Association of Antiretroviral Drug Regimen With Viral Suppression in HIV-positive Children on Antiretroviral Therapy in Eswatini
Sign inELIZABETH GLASER PEDIATRIC AIDS FOUNDATION
The study aimed to describe the antiretroviral therapy (ART) histories and virologic outcomes of children living with HIV in Eswatini.
2019 · 5 pages

Abstract
A total of 377 children were enrolled in the study, with a median age of 8.5 years. The majority of children (95.2%) were receiving first-line ART, with 4.8% receiving second-line ART. The most common ART regimen was nevirapine-based, with 43.1% of children receiving this regimen. The study found that viral suppression (<1000 RNA copies/mL) was observed in 77.9% of children, while undetectable viral load (<400 RNA copies/mL) was observed in 73.5% of children. The only factor significantly associated with viral suppression was the ART regimen, with 72.1% of children on nevirapine-based ART and 86.7% on efavirenz-based ART virally suppressed. The study also reported that the median age at HIV diagnosis was 2.1 years, and the median age at ART initiation was 2.6 years. The median time on ART was 4.1 years. The majority of children (90.0%) receiving nevirapine-based ART had a dual NRTI backbone of AZT/3TC, while the remainder had an ABC/3TC backbone. The study highlights the importance of monitoring treatment regimens for optimizing treatment outcomes for pediatric HIV. The findings suggest that while 99% of children enrolled in the study were receiving ART, viral suppression was observed in only 77.9%, with lowest rates among children receiving nevirapine-based ART. The study was conducted in collaboration with the Eswatini Ministry of Health and the Elizabeth Glaser Pediatric AIDS Foundation. The study protocol was reviewed and approved by the Eswatini Ministry of Health National Health Research Review Board and the Population Council Institutional Review Board.
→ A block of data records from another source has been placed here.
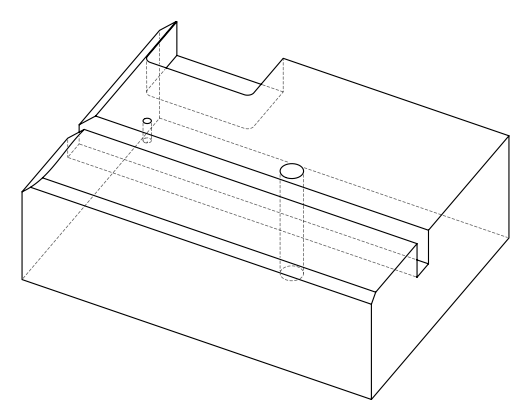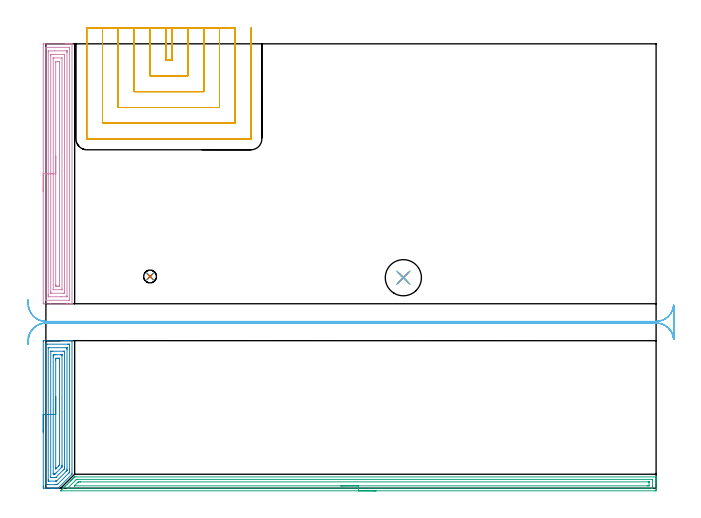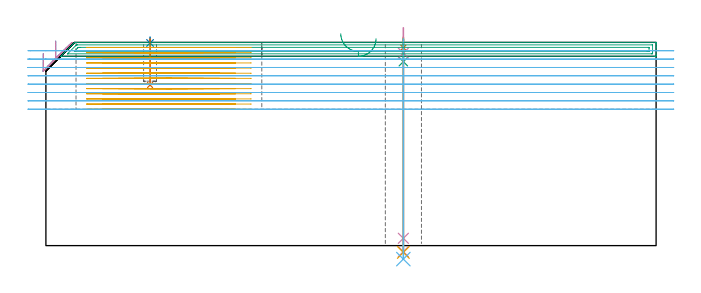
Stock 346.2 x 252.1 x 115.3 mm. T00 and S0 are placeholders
(PLAN: 12 operations, 8 tool changes, 68 min)
(1 SPOT_DRILL | STEP1HOLE | NXT0321_9005460120000 | 0.05 min | 181 mm3)
(2 SPOT_DRILL_1 | STEP1POCKET | NXT0321_9005460120000 | 0.03 min | 0 mm3)
(3 DRILL_BLIND_HOLE_INTO_CENTER | STEP1HOLE | UGT0301_193 | 0.05 min | 305 mm3)
(4 GUN_DRILL_THROUGH_HOLE | STEP1HOLE | UGT0307_005 | 0.6 min | 5791 mm3)
(5 DRILL_TO_ENLARGE_THROUGH_HOLE | STEP1HOLE | NXT0301_101 | 0.49 min | 8993 mm3)
(6 DRILL_TO_ENLARGE_THROUGH_HOLE_1 | STEP1HOLE | UGT0301_050 | 0.5 min | 22744 mm3)
(7 DRILL_BLIND_HOLE_INTO_CENTER_1 | STEP1POCKET | UGT0301_193 | 0.11 min | 947 mm3)
(8 AREA_MILL | FG_CHAMFER_SURFACE | UGT0205_001 | 4.24 min | 12107 mm3)
(9 AREA_MILL_1 | FG_CHAMFER_SURFACE_1 | UGT0205_001 | 8.24 min | 10379 mm3)
(10 AREA_MILL_2 | FG_CHAMFER_SURFACE_2 | UGT0205_001 | 7.39 min | 20586 mm3)
(11 MILL_SLOT | SLOT_PARTIAL_RECTANGULAR | NXT0201_011 | Follow Part, ap 3, ae 75% | 33.8 min | 239491 mm3)
(12 MILL_RECTANGULAR_SLOT | SLOT_RECTANGULAR | UGT0201_094 | Follow Part, ap 5, ae 75% | 12.52 min | 272268 mm3)
(TOOL NXT0321_9005460120000 | NC Spot Drill, 142deg, 12mm, Carbide, Uncoated | D12 PA142 FL30 Z2)
(TOOL UGT0301_193 | Twist Drill 7.3 mm | D7.3 PA118 FL66 Z2)
(TOOL UGT0307_005 | Gun Drill 8.3 mm | D8.3 PA130 FL24 Z1)
(TOOL NXT0301_101 | Carbide Drill 13mm [860.1-1300-104A1-MM 2214] | D13 PA140 FL123 Z2)
(TOOL UGT0301_050 | Twist Drill 20.5 mm | D20.5 PA118 FL145 Z2)
(TOOL UGT0205_001 | Chamfer Mill 20 x 3 x 45 deg. | D20 FL50 Z2)
(TOOL NXT0201_011 | ENDMILL 12mm [2P460-1200-NA 1630] | D12 FL38 Z6)
(TOOL UGT0201_094 | End mill 20 mm | D20 FL38 Z4)
(OP 1 SPOT_DRILL)
G17 G21 G94 G90
T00 M6
G54
G17 G0 G90 X202.8 Y119.4 S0 M3
G43 Z125.3 H0
G94 G81 G98 Z112.3 F250. R118.3
G80
M5
M2
(OP 2 SPOT_DRILL_1)
G17 G21 G94 G90
T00 M6
G54
G17 G0 G90 X59.1 Y120.1 S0 M3
G43 Z125.3 H0
G94 G81 G98 Z114.986 F250. R118.3
G80
M5
M2
(OP 3 DRILL_BLIND_HOLE_INTO_CENTER)
G17 G21 G94 G90
T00 M6
G54
G17 G0 G90 X202.8 Y119.4 S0 M3
G43 Z125.3 H0
G94 G81 G98 Z104.35 F250. R117.3
G80
M5
M2
(OP 4 GUN_DRILL_THROUGH_HOLE)
G17 G21 G94 G90
T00 M6
G54
G17 G0 G90 X202.8 Y119.4 M8
G43 Z125.3 H0
Z123.596
S716 M3
G94 G1 Z109.215 F125. M26
G4 X.084
Z4.15 F250.
G4 X.084
Z-3.435 F125.
G4 X.084
M5
M9
G0 Z123.596
Z125.3
M2
(OP 5 DRILL_TO_ENLARGE_THROUGH_HOLE)
G17 G21 G94 G90
T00 M6
G54
G17 G0 G90 X202.8 Y119.4 S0 M3
G43 Z125.3 H1
G94 G73 G98 Z-3.866 F250. Q11.917 R117.3
G80
M5
M2
(OP 6 DRILL_TO_ENLARGE_THROUGH_HOLE_1)
G17 G21 G94 G90
T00 M6
G54
G17 G0 G90 X202.8 Y119.4 S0 M3
G43 Z125.3 H0
G94 G73 G98 Z-7.659 F250. Q20.493 R117.3
G80
M5
M2
(OP 7 DRILL_BLIND_HOLE_INTO_CENTER_1)
G17 G21 G94 G90
T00 M6
G54
G17 G0 G90 X59.1 Y120.1 S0 M3
G43 Z125.3 H0
G94 G81 G98 Z91.1 F250. R117.3
G80
M5
M2
(OP 8 AREA_MILL)
G17 G21 G94 G90
T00 M6
G54
G17 G0 G90 X-1.5 Y31.85 S1061 M3
G43 Z125.3 H0
Z109.
G94 G1 Y31.888 Z108.128 F250.
Y32.002 Z107.264
Y32.191 Z106.412
Y32.453 Z105.58
Y32.787 Z104.774
Y33.19 Z104.
Y33.659 Z103.264
Y34.19 Z102.572
Y34.779 Z101.929
Y35.422 Z101.34
Y36.114 Z100.808
Y36.85 Z100.34
Y37.624 Z99.937
Y38.43 Z99.603
Y39.262 Z99.341
Y40.114 Z99.152
Y40.978 Z99.038
Y41.85 Z99.
Y83.153
X-1.496 Y83.467 Z99.002
X-1.491 Y83.69 Z99.005
X-1.263 Y83.7 Z99.234
X10.658 Z111.151
X11.343 Z111.841
X11.548 Z112.046
X12.234 Z112.731
X12.439 Z112.936
X12.85 Z113.349
X13.809 Z114.308
X14.22 Z114.719
X14.533 Z115.032
X14.771 Y83.693 Z115.263
X14.797 Y83.69 Z115.289
X14.8 Y83.597 Z115.3
Y8.541
X14.799 Y7.905 Z115.286
X14.685 Y7.784 Z115.182
X6.912 Y0.011 Z107.409
X6.9 Y0.005 Z107.397
X6.89 Y0. Z107.387
X4.834 Z105.333
X4.423 Z104.92
X4.218 Z104.715
X3.533 Z104.03
X3.327 Z103.825
X2.642 Z103.136
X-1.153 Y0.001 Z99.344
X-1.465 Y0.003 Z99.031
X-1.491 Y0.007 Z99.005
X-1.497 Y0.547 Z99.003
X-1.5 Y1.125 Z99.
Y41.85
X-0.086 Z100.414
X-0.085 Y81.489 Z100.415
X-0.083 Y81.601 Z100.417
X-0.079 Y81.674 Z100.421
X-0.075 Y81.692 Z100.425
X-0.069 Y81.694 Z100.431
X-0.03 Y81.697 Z100.47
X0.537 Y81.7 Z101.037
X0.861 Z101.361
X12.439 Z112.939
X13.007 Y81.698 Z113.507
X13.33 Y81.692 Z113.83
X13.369 Y81.69 Z113.869
X13.379 Y81.544 Z113.879
X13.384 Y81.433 Z113.884
X13.385 Y81.377 Z113.885
X13.386 Y10.261 Z113.886
X13.382 Y9.429 Z113.882
X13.38 Y9.379 Z113.88
X13.33 Y8.891 Z113.83
X13.157 Y8.713 Z113.657
X12.99 Y8.541 Z113.49
X6.772 Y2.323 Z107.272
X6.484 Y2.045 Z106.984
X6.446 Y2.01 Z106.946
X6.367 Y2.007 Z106.867
X6.205 Y2.004 Z106.705
X5.638 Y2. Z106.138
X5.314 Z105.814
X1.185 Z101.685
X0.861 Z101.361
X0.293 Y2.002 Z100.793
X-0.03 Y2.008 Z100.47
X-0.069 Y2.01 Z100.431
X-0.079 Y2.156 Z100.421
X-0.084 Y2.267 Z100.416
X-0.085 Y2.323 Z100.415
X-0.086 Y41.85 Z100.414
X1.328 Z101.828
X1.329 Y79.6 Z101.829
Y79.653
X1.332 Y79.678 Z101.832
X1.334 Y79.684 Z101.834
X1.353 Y79.69 Z101.853
X1.552 Y79.698 Z102.052
X1.652 Y79.7 Z102.152
X11.548 Z112.048
X11.648 Y79.699 Z112.148
X11.848 Y79.693 Z112.348
X11.965 Y79.688 Z112.465
X11.968 Y79.66 Z112.468
X11.97 Y79.6 Z112.47
X11.971 Y79.179 Z112.471
X11.972 Y78.712 Z112.472
X11.971 Y10.784 Z112.471
X11.97 Y10.317 Z112.47
X11.968 Y10.106 Z112.468
X11.965 Y10.003 Z112.465
X11.954 Y9.965 Z112.454
X11.93 Y9.937 Z112.43
X11.548 Y9.548 Z112.048
X11.489 Y9.488 Z111.989
X6.152 Y4.152 Z106.652
X6.098 Y4.1 Z106.598
X6.011 Y4.022 Z106.511
X5.713 Y4.008 Z106.213
X5.514 Y4.002 Z106.014
X5.414 Y4. Z105.914
X1.752 Z102.252
X1.652 Y4.001 Z102.152
X1.452 Y4.007 Z101.952
X1.335 Y4.012 Z101.835
X1.332 Y4.04 Z101.832
X1.331 Y4.1 Z101.831
X1.329 Y4.521 Z101.829
X1.328 Y4.988 Z101.828
Y41.85
X2.743 Z103.243
Y77.527
X2.745 Y77.625 Z103.245
X2.747 Y77.673 Z103.247
X2.749 Y77.689 Z103.249
X2.772 Y77.694 Z103.272
X3.533 Y77.7 Z104.033
X3.657 Z104.157
X9.892 Y77.699 Z110.392
X10.539 Y77.69 Z111.039
X10.551 Y77.688 Z111.051
X10.553 Y77.674 Z111.053
X10.556 Y77.633 Z111.056
X10.557 Y77.548 Z111.057
Y77.377
Y12.094
X10.556 Y11.307 Z111.056
X10.555 Y11.205 Z111.055
X10.55 Y11.014 Z111.05
X10.425 Y10.882 Z110.925
X10.261 Y10.713 Z110.761
X9.869 Y10.317 Z110.369
X5.815 Y6.265 Z106.315
X5.647 Y6.1 Z106.147
X5.585 Y6.042 Z106.085
X5.551 Y6.012 Z106.051
X5.505 Y6.009 Z106.005
X5.314 Y6.002 Z105.814
X5.189 Y6. Z105.689
X3.408 Z103.908
X2.761 Y6.01 Z103.261
X2.749 Y6.012 Z103.249
X2.747 Y6.026 Z103.247
X2.745 Y6.067 Z103.245
X2.743 Y6.152 Z103.243
Y6.323
Y41.85
X4.157 Z104.657
Y74.537
X4.158 Y75.159 Z104.658
X4.16 Y75.422 Z104.66
X4.164 Y75.681 Z104.664
X4.423 Y75.69 Z104.923
X4.774 Y75.698 Z105.274
X5.314 Y75.7 Z105.814
X5.663 Z106.163
X8.334 Z108.834
X8.877 Y75.699 Z109.377
X9.057 Y75.696 Z109.557
X9.122 Y75.693 Z109.622
X9.135 Y75.691 Z109.635
X9.137 Y75.666 Z109.637
X9.14 Y75.602 Z109.64
X9.142 Y75.425 Z109.642
Y12.982
X9.141 Y12.718 Z109.641
X9.136 Y12.094 Z109.636
X9.126 Y12.036 Z109.626
X9.087 Y11.992 Z109.587
X9.035 Y11.936 Z109.535
X8.877 Y11.775 Z109.377
X8.592 Y11.49 Z109.092
X5.643 Y8.541 Z106.143
X5.478 Y8.377 Z105.978
X5.314 Y8.216 Z105.814
X5.124 Y8.034 Z105.624
X5.094 Y8.01 Z105.594
X5.053 Y8.006 Z105.553
X4.964 Y8.002 Z105.464
X4.423 Y8.001 Z104.923
X4.243 Y8.004 Z104.743
X4.178 Y8.007 Z104.678
X4.165 Y8.009 Z104.665
X4.163 Y8.034 Z104.663
X4.16 Y8.098 Z104.66
X4.158 Y8.275 Z104.658
X4.157 Y41.85 Z104.657
X5.571 Z106.071
Y72.494
X5.572 Y73.125 Z106.072
X5.574 Y73.383 Z106.074
X5.578 Y73.689 Z106.078
X5.89 Y73.697 Z106.39
X6.205 Y73.699 Z106.705
X6.777 Y73.7 Z107.277
X7.095 Y73.699 Z107.595
X7.672 Y73.696 Z108.172
X7.711 Y73.69 Z108.211
X7.722 Y73.68 Z108.222
X7.725 Y73.643 Z108.225
X7.727 Y73.383 Z108.227
X7.729 Y72.751 Z108.229
Y72.494
Y13.87
X7.727 Y13.241 Z108.227
X7.724 Y13.111 Z108.224
X7.722 Y13.083 Z108.222
X7.701 Y13.058 Z108.201
X7.632 Y12.982 Z108.132
X7.365 Y12.713 Z107.865
X7.095 Y12.443 Z107.595
X6.031 Y11.379 Z106.531
X5.858 Y11.205 Z106.358
X5.604 Y10.956 Z106.104
X5.582 Y10.938 Z106.082
X5.578 Y10.939 Z106.078
X5.575 Y10.945 Z106.075
X5.572 Y11.205 Z106.072
X5.571 Y11.524 Z106.071
Y11.837
Y41.85
Y42.722 Z106.109
Y43.587 Z106.223
Y44.438 Z106.412
Y45.27 Z106.674
Y46.076 Z107.008
Y46.85 Z107.411
Y47.586 Z107.88
Y48.278 Z108.411
Y48.921 Z109.
Y49.51 Z109.643
Y50.042 Z110.335
Y50.51 Z111.071
Y50.913 Z111.845
Y51.247 Z112.651
Y51.509 Z113.483
Y51.698 Z114.335
Y51.812 Z115.2
Y51.85 Z116.071
G0 Z125.3
M5
M2
(OP 9 AREA_MILL_1)
G17 G21 G94 G90
T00 M6
G54
G17 G0 G90 X187.3 Y-1.5 S1061 M3
G43 Z125.3 H0
Z117.4
G94 G1 X187.262 Z116.528 F250.
X187.148 Z115.663
X186.959 Z114.812
X186.697 Z113.98
X186.363 Z113.174
X185.96 Z112.4
X185.492 Z111.664
X184.961 Z110.972
X184.371 Z110.329
X183.728 Z109.739
X183.036 Z109.208
X182.3 Z108.74
X181.526 Z108.337
X180.72 Z108.003
X179.888 Z107.741
X179.037 Z107.552
X178.172 Z107.438
X177.3 Z107.4
X8.564
X8.419 Y-1.493 Z107.406
X8.564 Y-1.338 Z107.561
X9.01 Y-0.889 Z108.009
X9.71 Y-0.19 Z108.71
X10.296 Y0.397 Z109.295
X10.59 Y0.69 Z109.59
X11.242 Y1.343 Z110.242
X12.135 Y2.235 Z111.135
X13.028 Y3.128 Z112.027
X13.816 Y3.917 Z112.814
X13.921 Y4.022 Z112.919
X14.252 Y4.352 Z113.252
X14.472 Y4.572 Z113.472
X14.696 Y4.796 Z113.695
X14.813 Y4.915 Z113.811
X14.989 Y5.09 Z113.988
X15.26 Y5.361 Z114.259
X15.427 Y5.53 Z114.424
X15.593 Y5.694 Z114.592
X15.706 Y5.807 Z114.705
X15.867 Y5.97 Z114.865
X16.025 Y6.126 Z115.023
X16.153 Y6.253 Z115.151
X16.295 Y6.396 Z115.29
X17.045 Y6.4 Z115.3
X346.036
X346.19 Y6.394 Z115.293
X346.2 Y6.084 Z114.984
Y5.735 Z114.635
Y5.09 Z113.985
Y3.887 Z112.784
Y3.33 Z112.224
Y-0.791 Z108.106
X346.197 Y-1.07 Z107.827
X346.19 Y-1.492 Z107.406
X346.022 Y-1.496 Z107.402
X345.59 Y-1.5 Z107.4
X177.3
Y-0.086 Z108.814
X12.581 Y-0.085 Z108.815
X12.474 Y-0.084 Z108.816
X12.327 Y-0.079 Z108.821
X12.285 Y-0.075 Z108.825
X12.293 Y-0.064 Z108.836
X12.37 Y0.018 Z108.918
X12.453 Y0.103 Z109.003
X12.581 Y0.232 Z109.132
X16.801 Y4.451 Z113.351
X17.045 Y4.694 Z113.594
X17.25 Y4.888 Z113.788
X17.353 Y4.979 Z113.879
X17.545 Y4.982 Z113.882
X17.938 Y4.985 Z113.885
X343.911
X344.167 Y4.98 Z113.88
X344.19 Y4.978 Z113.878
X344.195 Y4.959 Z113.859
X344.199 Y4.928 Z113.828
X344.2 Y4.899 Z113.799
Y4.7 Z113.6
Y1.18 Z110.08
X344.199 Y0.69 Z109.59
X344.197 Y0.303 Z109.203
X344.188 Y-0.079 Z108.821
X343.804 Y-0.084 Z108.816
X343.698 Y-0.085 Z108.815
X177.3 Y-0.086 Z108.814
Y1.328 Z110.228
X16.397 Y1.329 Z110.229
X16.17 Y1.331 Z110.231
X16.153 Y1.333 Z110.233
X16.147 Y1.336 Z110.236
X16.148 Y1.342 Z110.242
X16.153 Y1.352 Z110.252
X18.035 Y3.235 Z112.135
X18.132 Y3.33 Z112.23
X18.366 Y3.555 Z112.455
X18.593 Y3.565 Z112.465
X18.831 Y3.568 Z112.468
X19.479 Y3.571 Z112.471
X19.724
X341.774
X342.019 Y3.57 Z112.47
X342.1 Y3.568 Z112.468
X342.163 Y3.565 Z112.465
X342.19 Y3.555 Z112.455
X342.193 Y3.508 Z112.408
X342.197 Y3.33 Z112.23
X342.2 Y3.152 Z112.052
X342.198 Y1.57 Z110.47
X342.196 Y1.396 Z110.296
X342.19 Y1.338 Z110.238
X342.14 Y1.335 Z110.235
X342.019 Y1.333 Z110.233
X341.371 Y1.329 Z110.229
X341.126 Y1.328 Z110.228
X177.3
X176.429 Z110.266
X175.564 Z110.38
X174.712 Z110.569
X173.88 Z110.831
X173.074 Z111.165
X172.3 Z111.568
X171.564 Z112.037
X170.872 Z112.568
X170.229 Z113.157
X169.64 Z113.801
X169.109 Z114.493
X168.64 Z115.228
X168.237 Z116.002
X167.903 Z116.808
X167.641 Z117.64
X167.452 Z118.492
X167.338 Z119.357
X167.3 Z120.228
G0 Z125.3
M5
M2
(OP 10 AREA_MILL_2)
G17 G21 G94 G90
T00 M6
G54
G17 G0 G90 X-1.5 Y168.35 S1061 M3
G43 Z125.3 H0
Z109.
G94 G1 Y168.388 Z108.128 F250.
Y168.502 Z107.264
Y168.691 Z106.412
Y168.953 Z105.58
Y169.287 Z104.774
Y169.69 Z104.
Y170.158 Z103.264
Y170.69 Z102.572
Y171.279 Z101.929
Y171.922 Z101.34
Y172.614 Z100.809
Y173.35 Z100.34
Y174.124 Z99.937
Y174.93 Z99.603
Y175.762 Z99.341
Y176.614 Z99.152
Y177.478 Z99.038
Y178.35 Z99.
Y251.5
X-1.497 Y251.815 Z99.002
X-1.492 Y252.09 Z99.006
X-1.212 Y252.1 Z99.285
X10.949 Z111.444
X11.548 Z112.042
X12.131 Z112.628
X12.439 Z112.935
X13.022 Z113.518
X13.33 Z113.825
X13.945 Z114.444
X14.4 Z114.899
X14.756 Y252.093 Z115.247
X14.797 Y252.09 Z115.288
X14.8 Y251.946 Z115.3
Y104.754
X14.797 Y104.61 Z115.288
X14.756 Y104.607 Z115.247
X14.399 Y104.6 Z114.899
X13.945 Z114.444
X13.33 Z113.825
X12.131 Z112.628
X11.548 Z112.042
X2.526 Z103.023
X-1.153 Z99.344
X-1.212 Y104.601 Z99.285
X-1.492 Y104.61 Z99.006
X-1.499 Y104.888 Z98.999
Y104.916
X-1.5 Y178.35 Z99.
X-0.086 Z100.414
Y249.772
X-0.085 Y249.828 Z100.415
X-0.08 Y249.94 Z100.42
X-0.071 Y250.09 Z100.429
X-0.03 Y250.093 Z100.47
X0.478 Y250.1 Z100.978
X12.947 Y250.099 Z113.447
X13.33 Y250.093 Z113.83
X13.377 Y250.09 Z113.877
X13.383 Y249.884 Z113.883
X13.385 Y249.772 Z113.885
X13.386 Y106.928 Z113.886
X13.385 Y106.872 Z113.885
X13.38 Y106.76 Z113.88
X13.371 Y106.61 Z113.871
X13.33 Y106.607 Z113.83
X12.822 Y106.601 Z113.322
X0.353 Z100.853
X-0.03 Y106.607 Z100.47
X-0.077 Y106.61 Z100.423
X-0.083 Y106.816 Z100.417
X-0.085 Y106.928 Z100.415
X-0.086 Y178.35 Z100.414
X1.328 Z101.828
X1.329 Y247.463 Z101.829
X1.33 Y247.932 Z101.83
X1.333 Y248.037 Z101.833
X1.335 Y248.081 Z101.835
X1.416 Y248.09 Z101.916
X1.585 Y248.098 Z102.085
X4.743 Y248.1 Z105.243
X11.716 Y248.099 Z112.216
X11.828 Y248.098 Z112.328
X11.918 Y248.093 Z112.418
X11.965 Y248.088 Z112.465
X11.967 Y248.072 Z112.467
X11.969 Y247.932 Z112.469
X11.971 Y247.508 Z112.471
X11.972 Y247.04 Z112.472
X11.971 Y109.237 Z112.471
X11.969 Y108.768 Z112.469
X11.967 Y108.663 Z112.467
X11.965 Y108.619 Z112.465
X11.884 Y108.61 Z112.384
X11.715 Y108.602 Z112.215
X8.557 Y108.6 Z109.057
X1.584 Z102.084
X1.471 Y108.602 Z101.971
X1.382 Y108.607 Z101.882
X1.335 Y108.612 Z101.835
X1.333 Y108.628 Z101.833
X1.331 Y108.768 Z101.831
X1.329 Y109.192 Z101.829
Y109.66
X1.328 Y178.35 Z101.828
X2.743 Z103.243
Y245.255
X2.747 Y246.042 Z103.247
X2.75 Y246.09 Z103.25
X2.795 Y246.093 Z103.295
X2.9 Y246.097 Z103.4
X3.111 Y246.099 Z103.611
X3.533 Y246.1 Z104.033
X10.209 Y246.099 Z110.709
X10.407 Y246.097 Z110.907
X10.505 Y246.094 Z111.005
X10.548 Y246.09 Z111.048
X10.55 Y246.057 Z111.05
X10.557 Y245.356 Z111.057
Y245.255
Y111.445
X10.553 Y110.658 Z111.053
X10.55 Y110.61 Z111.05
X10.505 Y110.607 Z111.005
X10.4 Y110.603 Z110.9
X10.189 Y110.601 Z110.689
X9.767 Y110.6 Z110.267
X3.091 Y110.601 Z103.591
X2.893 Y110.602 Z103.393
X2.795 Y110.606 Z103.295
X2.752 Y110.61 Z103.252
X2.75 Y110.643 Z103.25
X2.743 Y111.344 Z103.243
Y111.445
Y178.35
X4.157 Z104.657
Y243.738
X4.159 Y244.005 Z104.659
X4.162 Y244.08 Z104.662
X4.165 Y244.091 Z104.665
X4.169 Y244.095 Z104.669
X4.188 Y244.098 Z104.688
X4.267 Y244.099 Z104.767
X4.423 Y244.1 Z104.923
X9.14 Y244.099 Z109.64
X9.143 Y244.097 Z109.643
Y112.962
X9.141 Y112.695 Z109.641
X9.138 Y112.62 Z109.638
X9.135 Y112.609 Z109.635
X9.131 Y112.605 Z109.631
X9.112 Y112.602 Z109.612
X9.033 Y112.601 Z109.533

The study enrolled 377 children with HIV and their 363 caregivers between September 2017 and October 2018. The study used a family-centered care model, where the child living with HIV and other household members with HIV were seen together to receive HIV care and counseling services. The study aimed to increase initiation and adherence to ART and improve retention in care and viral suppression for children and their adult family members. The study found that the majority of children (95.2%) were receiving first-line ART, with 4.8% receiving second-line ART. The most common ART regimen was nevirapine-based, with 43.1% of children receiving this regimen. The study also reported that the median age at HIV diagnosis was 2.1 years, and the median age at ART initiation was 2.6 years. The median time on ART was 4.1 years.